Dataset entries
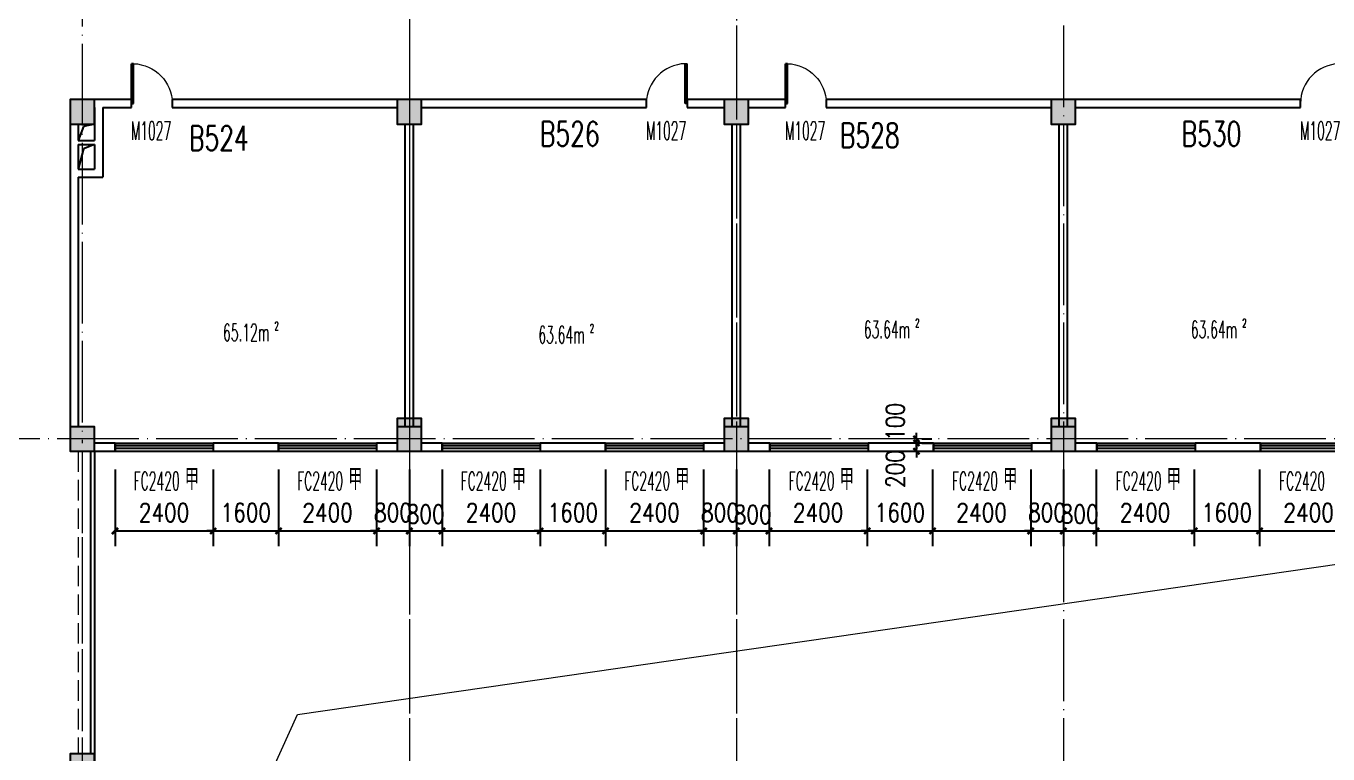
# Model space of a CAD drawing. Extents: x 1417642 to 3570900, y 124798 to 1191112.
# Drawn here: x 1523626 to 1555475, y 209133 to 226927 of the extents above; entities that cross this region are included whole.
import ezdxf

# ---------------------------------------------------------------- set-up
doc = ezdxf.new("R2010")
doc.units = 0
doc.header["$LTSCALE"] = 1000
doc.header["$MEASUREMENT"] = 0
doc.linetypes.add('DASH', pattern=[0.35, 0.25, -0.1])
doc.linetypes.add('DOTE', pattern=[2.42, 2, -0.2, 0.02, -0.2])
doc.layers.get('0').update_dxf_attribs({"linetype": 'CONTINUOUS'})
doc.layers.get('Defpoints').update_dxf_attribs({"linetype": 'CONTINUOUS'})
for name, color, linetype in [('colu', 2, 'CONTINUOUS'), ('COLUMN', 9, 'CONTINUOUS'), ('DOTE', 1, 'DOTE'), ('LATRINE', 6, 'CONTINUOUS'), ('PUB_DIM', 3, 'CONTINUOUS'), ('PUB_HATCH', 8, 'CONTINUOUS'), ('PUB_TEXT', 40, 'CONTINUOUS'), ('SPACE', 7, 'CONTINUOUS'), ('STAIR', 2, 'CONTINUOUS'), ('tiaozheng', 20, 'CONTINUOUS'), ('WALL', 4, 'CONTINUOUS'), ('WINDOW', 2, 'CONTINUOUS'), ('WINDOW_TEXT', 7, 'CONTINUOUS'), ('柱填充', 8, 'CONTINUOUS')]:
    doc.layers.add(name, color=color, linetype=linetype)
doc.styles.add('_TCH_SPACE', font='ROMANS', dxfattribs={"width": 0.7, "height": 5, "bigfont": 'Z'})
doc.styles.add('_TCH_WINDOW', font='ROMANS.shx', dxfattribs={"width": 0.7, "height": 400, "bigfont": 'Z.shx'})
doc.styles.add('DIM_FONT', font='SIMPLEX.shx', dxfattribs={"width": 0.8})
doc.styles.add('Z', font='ROMANS', dxfattribs={"width": 0.7, "bigfont": 'Z'})
doc.dimstyles.new('DIMN150', dxfattribs={"dimscale": 1.5, "dimtxt": 300, "dimasz": 100, "dimexe": 250, "dimexo": 300, "dimgap": 150, "dimtad": 1, "dimdec": 0, "dimzin": 0, "dimdsep": 46, "dimtxsty": 'DIM_FONT', "dimblk": 'ARCHTICK', "dimcen": 0.09, "dimdle": 1.5, "dimclrt": 7, "dimazin": 2, "dimtfac": 1, "dimtdec": 0, "dimtix": 1, "dimtmove": 2, "dimatfit": 3, "dimldrblk": 'ARCHTICK', "dimfxl": 1, "dimtolj": 1, "dimtzin": 0, "dimarcsym": 0})

# ---------------------------------------------------------------- blocks, each defined once
blk = doc.blocks.new('i89')
at = {"layer": '柱填充'}
h = blk.add_hatch(color=256, dxfattribs=at)
h.paths.add_polyline_path([(1555333, 501498), (1555333, 502098), (1554733, 502098), (1554733, 501498)])
h.paths.add_polyline_path([(1525733, 501498), (1525733, 502098), (1525133, 502098), (1525133, 501498)])
h.paths.add_polyline_path([(1517733, 501498), (1517733, 502098), (1517133, 502098), (1517133, 501498)])
h.paths.add_polyline_path([(1509733, 501498), (1509733, 502098), (1509133, 502098), (1509133, 501498)])
h.paths.add_polyline_path([(1501733, 501498), (1501733, 502098), (1501133, 502098), (1501133, 501498)])
h.paths.add_polyline_path([(1498133, 501498), (1498133, 502098), (1497533, 502098), (1497533, 501498)])
h.paths.add_polyline_path([(1498133, 529448), (1498133, 530148), (1497433, 530148), (1497433, 529448)])
h.paths.add_polyline_path([(1498133, 537448), (1498133, 538148), (1497433, 538148), (1497433, 537448)])
h.paths.add_polyline_path([(1541783, 545398), (1541783, 546098), (1541083, 546098), (1541083, 545398)])
h.paths.add_polyline_path([(1565333, 559098), (1565333, 559698), (1564733, 559698), (1564733, 559098)])
h.paths.add_polyline_path([(1565383, 549098), (1565383, 549798), (1564683, 549798), (1564683, 549098)])
h.paths.add_polyline_path([(1565333, 545498), (1565333, 546098), (1564733, 546098), (1564733, 545498)])
h.paths.add_polyline_path([(1565383, 538098), (1564683, 538098), (1564683, 537498), (1565383, 537498)])
h.paths.add_polyline_path([(1565333, 529498), (1565333, 530098), (1564733, 530098), (1564733, 529498)])
h.paths.add_polyline_path([(1565333, 519498), (1565333, 520098), (1564733, 520098), (1564733, 519498)])
h.paths.add_polyline_path([(1565333, 511498), (1565333, 512098), (1564733, 512098), (1564733, 511498)])
h.paths.add_polyline_path([(1565333, 501498), (1565333, 502098), (1564733, 502098), (1564733, 501498)])
h.paths.add_polyline_path([(1555333, 559098), (1555333, 559698), (1554733, 559698), (1554733, 559098)])
h.paths.add_polyline_path([(1555333, 549098), (1555333, 549698), (1554733, 549698), (1554733, 549098)])
h.paths.add_polyline_path([(1555333, 545498), (1555333, 546098), (1554733, 546098), (1554733, 545498)])
h.paths.add_polyline_path([(1555333, 537498), (1555333, 538098), (1554733, 538098), (1554733, 537498)])
h.paths.add_polyline_path([(1555433, 529448), (1555433, 530148), (1554733, 530148), (1554733, 529448)])
h.paths.add_polyline_path([(1555433, 519448), (1555433, 520148), (1554733, 520148), (1554733, 519448)])
h.paths.add_polyline_path([(1555433, 511498), (1555433, 512198), (1554733, 512198), (1554733, 511498)])
h.paths.add_polyline_path([(1551733, 557298), (1551733, 557898), (1551133, 557898), (1551133, 557298)])
h.paths.add_polyline_path([(1551783, 549098), (1551783, 549798), (1551083, 549798), (1551083, 549098)])
h.paths.add_polyline_path([(1551733, 545498), (1551733, 546098), (1551133, 546098), (1551133, 545498)])
h.paths.add_polyline_path([(1551733, 537498), (1551733, 538098), (1551133, 538098), (1551133, 537498)])
h.paths.add_polyline_path([(1551733, 529498), (1551733, 530098), (1551133, 530098), (1551133, 529498)])
h.paths.add_polyline_path([(1551733, 519498), (1551733, 520098), (1551133, 520098), (1551133, 519498)])
h.paths.add_polyline_path([(1551783, 511498), (1551783, 512198), (1551083, 512198), (1551083, 511498)])
h.paths.add_polyline_path([(1551733, 501498), (1551733, 502098), (1551133, 502098), (1551133, 501498)])
h.paths.add_polyline_path([(1541733, 559098), (1541733, 559698), (1541133, 559698), (1541133, 559098)])
h.paths.add_polyline_path([(1541733, 557298), (1541733, 557898), (1541133, 557898), (1541133, 557298)])
h.paths.add_polyline_path([(1541783, 549098), (1541783, 549798), (1541083, 549798), (1541083, 549098)])
h.paths.add_polyline_path([(1541733, 537498), (1541733, 538298), (1541133, 538298), (1541133, 537498)])
h.paths.add_polyline_path([(1541733, 519298), (1541733, 520098), (1541133, 520098), (1541133, 519298)])
h.paths.add_polyline_path([(1541833, 511498), (1541833, 512298), (1541033, 512298), (1541033, 511498)])
h.paths.add_polyline_path([(1541733, 501498), (1541733, 502098), (1541133, 502098), (1541133, 501498)])
h.paths.add_polyline_path([(1533733, 559098), (1533733, 559698), (1533133, 559698), (1533133, 559098)])
h.paths.add_polyline_path([(1533783, 549098), (1533783, 549798), (1533083, 549798), (1533083, 549098)])
h.paths.add_polyline_path([(1533733, 545498), (1533733, 546098), (1533133, 546098), (1533133, 545498)])
h.paths.add_polyline_path([(1533733, 537498), (1533733, 538298), (1533133, 538298), (1533133, 537498)])
h.paths.add_polyline_path([(1533733, 519298), (1533733, 520098), (1533133, 520098), (1533133, 519298)])
h.paths.add_polyline_path([(1533833, 511498), (1533833, 512298), (1533033, 512298), (1533033, 511498)])
h.paths.add_polyline_path([(1533733, 501498), (1533733, 502098), (1533133, 502098), (1533133, 501498)])
h.paths.add_polyline_path([(1525733, 559098), (1525733, 559698), (1525133, 559698), (1525133, 559098)])
h.paths.add_polyline_path([(1525783, 549098), (1525783, 549798), (1525083, 549798), (1525083, 549098)])
h.paths.add_polyline_path([(1525733, 545498), (1525733, 546098), (1525133, 546098), (1525133, 545498)])
h.paths.add_polyline_path([(1525733, 537498), (1525733, 538298), (1525133, 538298), (1525133, 537498)])
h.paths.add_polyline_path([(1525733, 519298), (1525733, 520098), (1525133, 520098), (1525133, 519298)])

# Work task
Set down again, word for word, the stretch of records from the line with "each defined once" to the line with "530098), (1564733, 529498)])", both of those lines included.

# Output
# ---------------------------------------------------------------- blocks, each defined once
blk = doc.blocks.new('i89')
at = {"layer": '柱填充'}
h = blk.add_hatch(color=256, dxfattribs=at)
h.paths.add_polyline_path([(1555333, 501498), (1555333, 502098), (1554733, 502098), (1554733, 501498)])
h.paths.add_polyline_path([(1525733, 501498), (1525733, 502098), (1525133, 502098), (1525133, 501498)])
h.paths.add_polyline_path([(1517733, 501498), (1517733, 502098), (1517133, 502098), (1517133, 501498)])
h.paths.add_polyline_path([(1509733, 501498), (1509733, 502098), (1509133, 502098), (1509133, 501498)])
h.paths.add_polyline_path([(1501733, 501498), (1501733, 502098), (1501133, 502098), (1501133, 501498)])
h.paths.add_polyline_path([(1498133, 501498), (1498133, 502098), (1497533, 502098), (1497533, 501498)])
h.paths.add_polyline_path([(1498133, 529448), (1498133, 530148), (1497433, 530148), (1497433, 529448)])
h.paths.add_polyline_path([(1498133, 537448), (1498133, 538148), (1497433, 538148), (1497433, 537448)])
h.paths.add_polyline_path([(1541783, 545398), (1541783, 546098), (1541083, 546098), (1541083, 545398)])
h.paths.add_polyline_path([(1565333, 559098), (1565333, 559698), (1564733, 559698), (1564733, 559098)])
h.paths.add_polyline_path([(1565383, 549098), (1565383, 549798), (1564683, 549798), (1564683, 549098)])
h.paths.add_polyline_path([(1565333, 545498), (1565333, 546098), (1564733, 546098), (1564733, 545498)])
h.paths.add_polyline_path([(1565383, 538098), (1564683, 538098), (1564683, 537498), (1565383, 537498)])
h.paths.add_polyline_path([(1565333, 529498), (1565333, 530098), (1564733, 530098), (1564733, 529498)])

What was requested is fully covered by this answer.